— Exercise —
How many lines of the data contain the word "Move"? Give only that number.

Data extracted from a collection
____________________

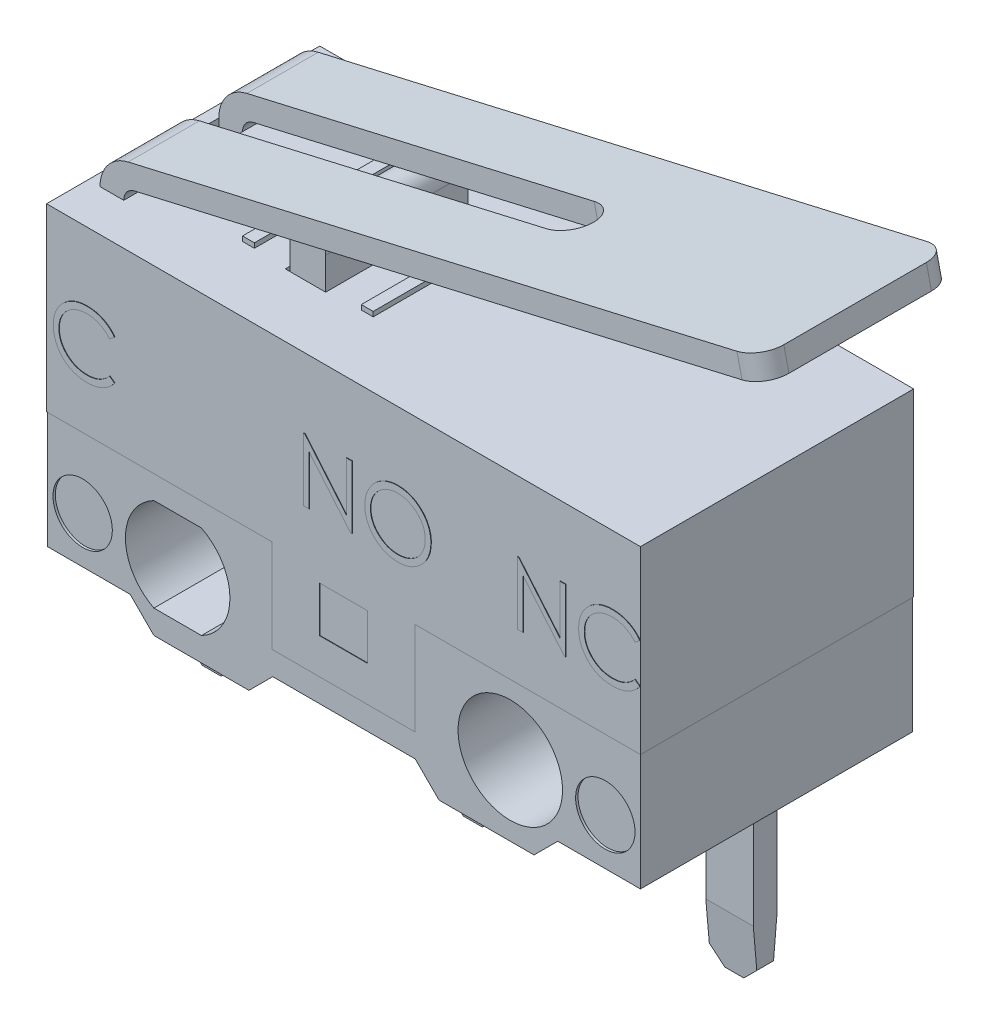
SolidWorks part; units mm, degrees
ref_plane "Plan de face" through (0, 0, 0) normal (0, 0, 1) x (1, 0, 0)
ref_plane "Plan de dessus" through (0, 0, 0) normal (0, 1, 0) x (1, 0, 0)
ref_plane "Plan de droite" through (0, 0, 0) normal (1, 0, 0) x (0, 0, -1)
sketch "Esquisse1" plane through (0, 0, 0) normal (0, 0, 1) x (1, 0, 0)
  line L1 (-6.5, 3.375) -> (6.5, 3.375)
  line L2 (-6.5, 3.375) -> (-6.5, -3.375)
  line L3 (-6.5, -3.375) -> (6.5, -3.375)
  line L4 (6.5, 3.375) -> (6.5, -3.375)
  line L5 (-6.5, 3.375) -> (6.5, -3.375) construction
  line L6 (-6.5, -3.375) -> (6.5, 3.375) construction
  point P0 (0, 0)
  dimension "D1" = 6.75
  dimension "D2" = 13
extrude "Boss.-Extru.1" add sketch "Esquisse1" along normal blind 5.75
ref_plane "Plan1" through (0, 0, 2.875) normal (0, 0, 1) x (1, 0, 0)
sketch "Esquisse6" plane through (0, 0, 5.75) normal (0, 0, 1) x (1, 0, 0)
  line L0 (-6.5, -2.875) -> (-4.5, -2.875)
  line L1 (-6.5, 3.375) -> (-6.5, -3.375) construction
  line L2 (-4.5, -2.875) -> (-4, -3.375)
  line L3 (-6.5, -3.375) -> (6.5, -3.375) construction
  line L4 (-4, -3.375) -> (-2, -3.375)
  line L5 (-2, -3.375) -> (-1.5, -2.875)
  line L6 (-1.5, -2.875) -> (1.5, -2.875)
  line L7 (1.5, -2.875) -> (2, -3.375)
  line L8 (2, -3.375) -> (4, -3.375)
  line L9 (4, -3.375) -> (4.5, -2.875)
  line L10 (4.5, -2.875) -> (6.5, -2.875)
  line L11 (6.5, -3.375) -> (6.5, 3.375) construction
  line L12 (6.5, -2.875) -> (6.5, -4.2145)
  line L13 (6.5, -4.2145) -> (-6.5, -4.2145)
  line L14 (-6.5, -4.2145) -> (-6.5, -2.875)
  dimension "D1" = 0.5
  dimension "D2" = 135
  dimension "D3" = 135
  dimension "D4" = 135
  dimension "D5" = 2
  dimension "D6" = 2
  dimension "D7" = 2
  dimension "D8" = 2
extrude "Enlèv. mat.-Extru.1" cut sketch "Esquisse6" against normal up to surface (5.75 mm away) up to face at (0, 0, 0)
sketch "Esquisse4" plane through (0, 0, 2.875) normal (0, 0, 1) x (1, 0, 0)
  line L0 (-6, -2.875) -> (-6, -6.125)
  line L9 (-5, -6.125) -> (-5, -2.875)
  line L10 (-5, -2.875) -> (-6, -2.875)
  line L11 (-5.5, -2.875) -> (-5.5, -7.9439) construction
  line L15 (-6, -6.125) -> (-5, -6.125)
  line L16 (-4.5, -2.875) -> (-6.5, -2.875) construction
  line L17 (-6.5, 3.375) -> (-6.5, -2.875) construction
  dimension "D1" = 1
  dimension "D2" = 1
  dimension "D4" = 3.25
extrude "Boss.-Extru.2" add sketch "Esquisse4" along normal blind 0.25 and the other way blind 0.25
chamfer "Chanfrein1" distance 0.3 angle 45 2 edges at (-5, -6.125, 2.875) (-6, -6.125, 2.875)
chamfer "Chanfrein2" distance 0.1 angle 85 2 edges at (-5.5, -6.125, 2.625) (-5.5, -6.125, 3.125)
pattern_linear "Répétition linéaire1" count 3 spacing 5.5 along (1, 0, 0) of "Boss.-Extru.2", "Chanfrein1", "Chanfrein2"
sketch "Esquisse7" plane through (0, 0, 5.75) normal (0, 0, 1) x (1, 0, 0)
  line L0 (-4, -2.875) -> (-3, -2.875)
  line L1 (-4, -0.9154) -> (-3, -0.9154)
  line L2 (-3.5, -1.8952) -> (3.5, -1.8952) construction
  line L3 (-4, -3.375) -> (-2, -3.375) construction
  line L4 (-6.5, 3.375) -> (-6.5, -2.875) construction
  line L5 (6.5, -2.875) -> (6.5, 3.375) construction
  arc A0 (-4, -0.9154) -> (-4, -2.875) centre (-3.5, -1.8952) ccw
  arc A1 (-3, -0.9154) -> (-3, -2.875) centre (-3.5, -1.8952) cw
  circle A2 centre (3.5, -1.8952) radius 1.1
  dimension "D1" = 1.1
  dimension "D3" = 1.1
  dimension "D4" = 2.2
  dimension "D2" = 1
  dimension "D5" = 0.5
  dimension "D6" = 3
  dimension "D7" = 3
extrude "Enlèv. mat.-Extru.2" cut sketch "Esquisse7" against normal up to surface (5.75 mm away) up to face at (0, -2, 0)
sketch "Esquisse8" plane through (0, 0, 5.75) normal (0, 0, 1) x (1, 0, 0)
  line L0 (-6.5, -0.4154) -> (-1.5, -0.4154)
  line L1 (-6.5, 3.375) -> (-6.5, -2.875) construction
  line L2 (-1.5, -0.4154) -> (-1.5, -2.375)
  line L3 (-1.5, -2.375) -> (1.5, -2.375)
  line L4 (1.5, -2.375) -> (1.5, -0.4154)
  line L5 (1.5, -0.4154) -> (6.5, -0.4154)
  line L6 (6.5, -2.875) -> (6.5, 3.375) construction
  line L7 (6.5, -0.4154) -> (6.5, -4.9919)
  line L8 (6.5, -4.9919) -> (-6.5, -4.9919)
  line L9 (-6.5, -4.9919) -> (-6.5, -0.4154)
  line L10 (1.5, -2.875) -> (-1.5, -2.875) construction
  line L11 (-3, -0.9154) -> (-4, -0.9154) construction
  line L13 (-0.5, -0.6654) -> (0.5, -0.6654)
  line L14 (-0.5, -0.6654) -> (-0.5, -1.625)
  line L15 (-0.5, -1.625) -> (0.5, -1.625)
  line L16 (0.5, -0.6654) -> (0.5, -1.625)
  line L17 (-0.5, -0.6654) -> (0.5, -1.625) construction
  line L18 (-0.5, -1.625) -> (0.5, -0.6654) construction
  point P21 (0, -1.1452)
  dimension "D1" = 0.5
  dimension "D2" = 0.5
  dimension "D3" = 0.25
  dimension "D4" = 1
  dimension "D5" = 1
  dimension "D6" = 0.75
extrude "Enlèv. mat.-Extru.3" cut sketch "Esquisse8" against normal blind 0.01
sketch "Esquisse9" plane through (0, 0, 5.74) normal (0, 0, 1) x (1, 0, 0)
  line L0 (-5.5, -1.8952) -> (5.5, -1.8952) construction
  line L1 (6.5, -2.875) -> (6.5, -0.4154) construction
  line L2 (-6.5, -0.4154) -> (-6.5, -2.875) construction
  circle A0 centre (-5.5, -1.8952) radius 0.625
  circle A1 centre (5.5, -1.8952) radius 0.625
  point P4 (3.5, -1.8952)
  dimension "D1" = 1.25
  dimension "D2" = 1.25
  dimension "D3" = 1
  dimension "D4" = 1
extrude "Enlèv. mat.-Extru.4" cut sketch "Esquisse9" against normal blind 0.05
mirror "Symétrie1" about plane through (0, 0, 2.875) normal (0, 0, 1) of "Enlèv. mat.-Extru.4", "Enlèv. mat.-Extru.3"
sketch "Esquisse10" plane through (-6.5, 0, 0) normal (-1, 0, 0) x (0, 0, 1)
  line L1 (0.01, -2.875) -> (5.74, -2.875)
  line L2 (0.01, -2.875) -> (0.01, -0.4154)
  line L3 (0.01, -0.4154) -> (5.74, -0.4154)
  line L4 (5.74, -2.875) -> (5.74, -0.4154)
extrude "Enlèv. mat.-Extru.5" cut sketch "Esquisse10" against normal blind 0.01
sketch "Esquisse11" plane through (6.5, 0, 0) normal (1, 0, 0) x (0, 0, -1)
  line L1 (-5.74, -2.875) -> (-0.01, -2.875)
  line L2 (-5.74, -2.875) -> (-5.74, -0.4154)
  line L3 (-5.74, -0.4154) -> (-0.01, -0.4154)
  line L4 (-0.01, -2.875) -> (-0.01, -0.4154)
extrude "Enlèv. mat.-Extru.6" cut sketch "Esquisse11" against normal blind 0.01
sketch "Esquisse12" plane through (0, 0, 5.75) normal (0, 0, 1) x (1, 0, 0)
  line L0 (-6.2, 0.5846) -> (-4.55, 0.5846) construction
  line L4 (-1, 0.5846) -> (2.5, 0.5846) construction
  line L5 (3.5, 0.5846) -> (6.2, 0.5846) construction
  line L6 (-1.5, -0.4154) -> (-6.5, -0.4154) construction
  line L7 (-6.5, 3.375) -> (-6.5, -0.4154) construction
  line L8 (6.5, -0.4154) -> (6.5, 3.375) construction
  text T0 "C" font "Century Gothic" height in points 5
  text T1 "NO" font "Century Gothic" height in points 5
  text T2 "NC" font "Century Gothic" height in points 5
  dimension "D1" = 1
  dimension "D2" = 1.65
  dimension "D3" = 0.3
  dimension "D4" = 0.3
  dimension "D5" = 2.7
  dimension "D6" = 3.5
  dimension "D7" = 1
extrude "Boss.-Extru.3" add sketch "Esquisse12" along normal blind 0.01
sketch "Esquisse13" plane through (0, 0, 2.875) normal (0, 0, 1) x (1, 0, 0)
  line L0 (-1.75, 4) -> (-1.75, 3.375)
  line L1 (6.5, 3.375) -> (-6.5, 3.375) construction
  line L2 (-1.75, 3.375) -> (-2.5, 3.375)
  line L3 (-2.5, 3.375) -> (-2.5, 4)
  line L4 (-4.7467, 4.375) -> (-2.1308, 4.375) construction
  line L5 (-6.5, 3.375) -> (-6.5, -0.4154) construction
  line L6 (-3.5, 3.375) -> (-3.5, 3.475)
  line L7 (-3.5, 3.475) -> (-3.25, 3.475)
  line L8 (-3.25, 3.475) -> (-3.25, 3.375)
  line L9 (-3.25, 3.375) -> (-3.5, 3.375)
  line L10 (-1, 3.375) -> (-1, 3.475)
  line L11 (-1, 3.475) -> (-0.75, 3.475)
  line L12 (-0.75, 3.475) -> (-0.75, 3.375)
  line L13 (-0.75, 3.375) -> (-1, 3.375)
  arc A0 (-2.5, 4) -> (-1.75, 4) centre (-2.125, 4) cw
  dimension "D1" = 0.75
  dimension "D2" = 1
  dimension "D3" = 4
  dimension "D4" = 0.1
  dimension "D5" = 0.75
  dimension "D6" = 0.75
  dimension "D7" = 0.25
  dimension "D8" = 0.25
extrude "Boss.-Extru.4" add sketch "Esquisse13" along normal blind 1.5 and the other way blind 1.5
sketch "Esquisse14" plane through (0, 3.375, 0) normal (0, 1, 0) x (1, 0, 0)
  line L1 (-2.5, -1.375) -> (-1.75, -1.375)
  line L2 (-2.5, -1.375) -> (-2.5, -4.375)
  line L3 (-2.5, -4.375) -> (-1.75, -4.375)
  line L4 (-1.75, -1.375) -> (-1.75, -4.375)
  line L8 (-6.5, -5.75) -> (-6.5, 0) construction
  line L9 (-6, -0.875) -> (-5.5, -0.875)
  line L10 (-6, -0.875) -> (-6, -4.875)
  line L11 (-6, -4.875) -> (-5.5, -4.875)
  line L12 (-2.55, -1.325) -> (-2.55, -4.425)
  line L13 (-2.55, -4.425) -> (-1.7, -4.425)
  line L14 (-1.7, -4.425) -> (-1.7, -1.325)
  line L15 (-1.7, -1.325) -> (-2.55, -1.325)
  line L16 (-2.55, -1.325) -> (-2.55, -4.425)
  line L17 (-2.55, -4.425) -> (-1.7, -4.425)
  line L18 (-1.7, -4.425) -> (-1.7, -1.325)
  line L19 (-1.7, -1.325) -> (-2.55, -1.325)
  line L20 (-5.5, -0.875) -> (-5.5, -4.875)
  line L21 (-6, -2.875) -> (-3.9155, -2.875) construction
  line L22 (-3.7125, -2.875) -> (3.7125, -2.875) construction
  dimension "D2" = 0.5
  dimension "D3" = 0.5
  dimension "D4" = 4
  dimension "D1" = 0.05
extrude "Enlèv. mat.-Extru.7" cut sketch "Esquisse14" against normal blind 2
sketch "Esquisse16" plane through (0, 0, 0.875) normal (0, 0, 1) x (1, 0, 0)
  line L0 (-6, 2.375) -> (-5.5, 2.375)
  line L1 (-5.5, 2.375) -> (-5.5, 3.375)
  line L2 (-5.2748, 3.6581) -> (8, 6.7211)
  line L3 (8, 6.7211) -> (7.8921, 7.1888)
  line L4 (7.8921, 7.1888) -> (-5.4072, 4.1201)
  line L5 (-6, 3.375) -> (-6, 2.375)
  line L6 (-6.5, 3.375) -> (-6.5, -0.4154) construction
  line L7 (6.5, 3.375) -> (-6.5, 3.375) construction
  line L8 (8, 6.7211) -> (8, 3.9001) construction
  line L9 (6.5, -0.4154) -> (6.5, 3.375) construction
  line L10 (6.5, 2.5145) -> (6.5, 9.8405) construction
  arc A0 (-5.5, 3.375) -> (-5.2748, 3.6581) centre (-5.2095, 3.375) cw
  arc A2 (-1.75, 4) -> (-2.5, 4) centre (-2.125, 4) ccw construction
  arc A3 (-6, 3.375) -> (-5.4072, 4.1201) centre (-5.2353, 3.375) cw
  point P8 (6.5, 6.375)
  dimension "D1" = 0.5
  dimension "D2" = 0.5
  dimension "D3" = 0.48
  dimension "D4" = 1
  dimension "D5" = 1.5
  dimension "D6" = 3
extrude "Boss.-Extru.13" add sketch "Esquisse16" along normal blind 4 separate body contours A3 L4 L3 L2 A0 L1 L0 L5
sketch "Esquisse17" plane through (0, 0, 2.875) normal (0, 0, 1) x (1, 0, 0)
  line L6 (-5.4072, 4.1201) -> (2.3879, 5.9188)
  line L7 (7.8921, 7.1888) -> (-5.4072, 4.1201) construction
  line L8 (2.3879, 5.9188) -> (2.4959, 5.4511)
  line L9 (-5.2748, 3.6581) -> (8, 6.7211) construction
  line L10 (2.4959, 5.4511) -> (-5.2748, 3.6581)
  line L12 (-6, 3.375) -> (-6, 2.375)
  line L13 (-6, 2.375) -> (-5.5, 2.375)
  line L14 (-5.5, 2.375) -> (-5.5, 3.375)
  line L15 (-5.2748, 3.6581) -> (8, 6.7211)
  line L16 (8, 6.7211) -> (7.8921, 7.1888)
  line L17 (7.8921, 7.1888) -> (-5.4072, 4.1201)
  line L18 (-6, 3.375) -> (-6, 2.375)
  line L19 (-6, 2.375) -> (-5.5, 2.375)
  line L20 (-5.5, 2.375) -> (-5.5, 3.375)
  arc A4 (-5.4072, 4.1201) -> (-6, 3.375) centre (-5.2353, 3.375) ccw
  arc A5 (-5.2748, 3.6581) -> (-5.5, 3.375) centre (-5.2095, 3.375) ccw
  arc A6 (-5.4072, 4.1201) -> (-6, 3.375) centre (-5.2353, 3.375) ccw
  arc A7 (-5.2748, 3.6581) -> (-5.5, 3.375) centre (-5.2095, 3.375) ccw
  dimension "D2" = 8
  dimension "D1" = 0
extrude "Enlèv. mat.-Extru.8" cut sketch "Esquisse17" against normal blind 0.5 and the other way blind 0.5
fillet "Congé1" radius 0.5 2 edges at (2.4419, 5.6849, 3.375) (2.4419, 5.6849, 2.375)
fillet "Congé3" radius 0.5 2 edges at (7.946, 6.955, 0.875) (7.946, 6.955, 4.875)
sketch "Esquisse19" plane through (0, 0, 0) normal (0, 0, -1) x (-1, 0, 0)
  line L0 (-4.5, -0.1654) -> (5.7239, -0.1654) construction
  line L1 (-6.5, -0.4154) -> (-1.5, -0.4154) construction
  line L2 (-6.5, -0.4154) -> (-6.5, 3.375) construction
  text T0 "2A125VAC" font "Century Gothic" height in points 4
  dimension "D1" = 0.25
  dimension "D2" = 2
extrude "Boss.-Extru.14" add sketch "Esquisse19" along normal blind 0.05
other "Move Face1" face at (-6.49, -1.6452, 2.875) face at (-6.5, 1.4798, 2.875) parameters "D1"=0.25
other "Move Face2" face at (6.49, -1.6452, 2.875) face at (6.5, 1.4798, 2.875) parameters "D1"=0.25

____________________

— Answer for this exercise —
2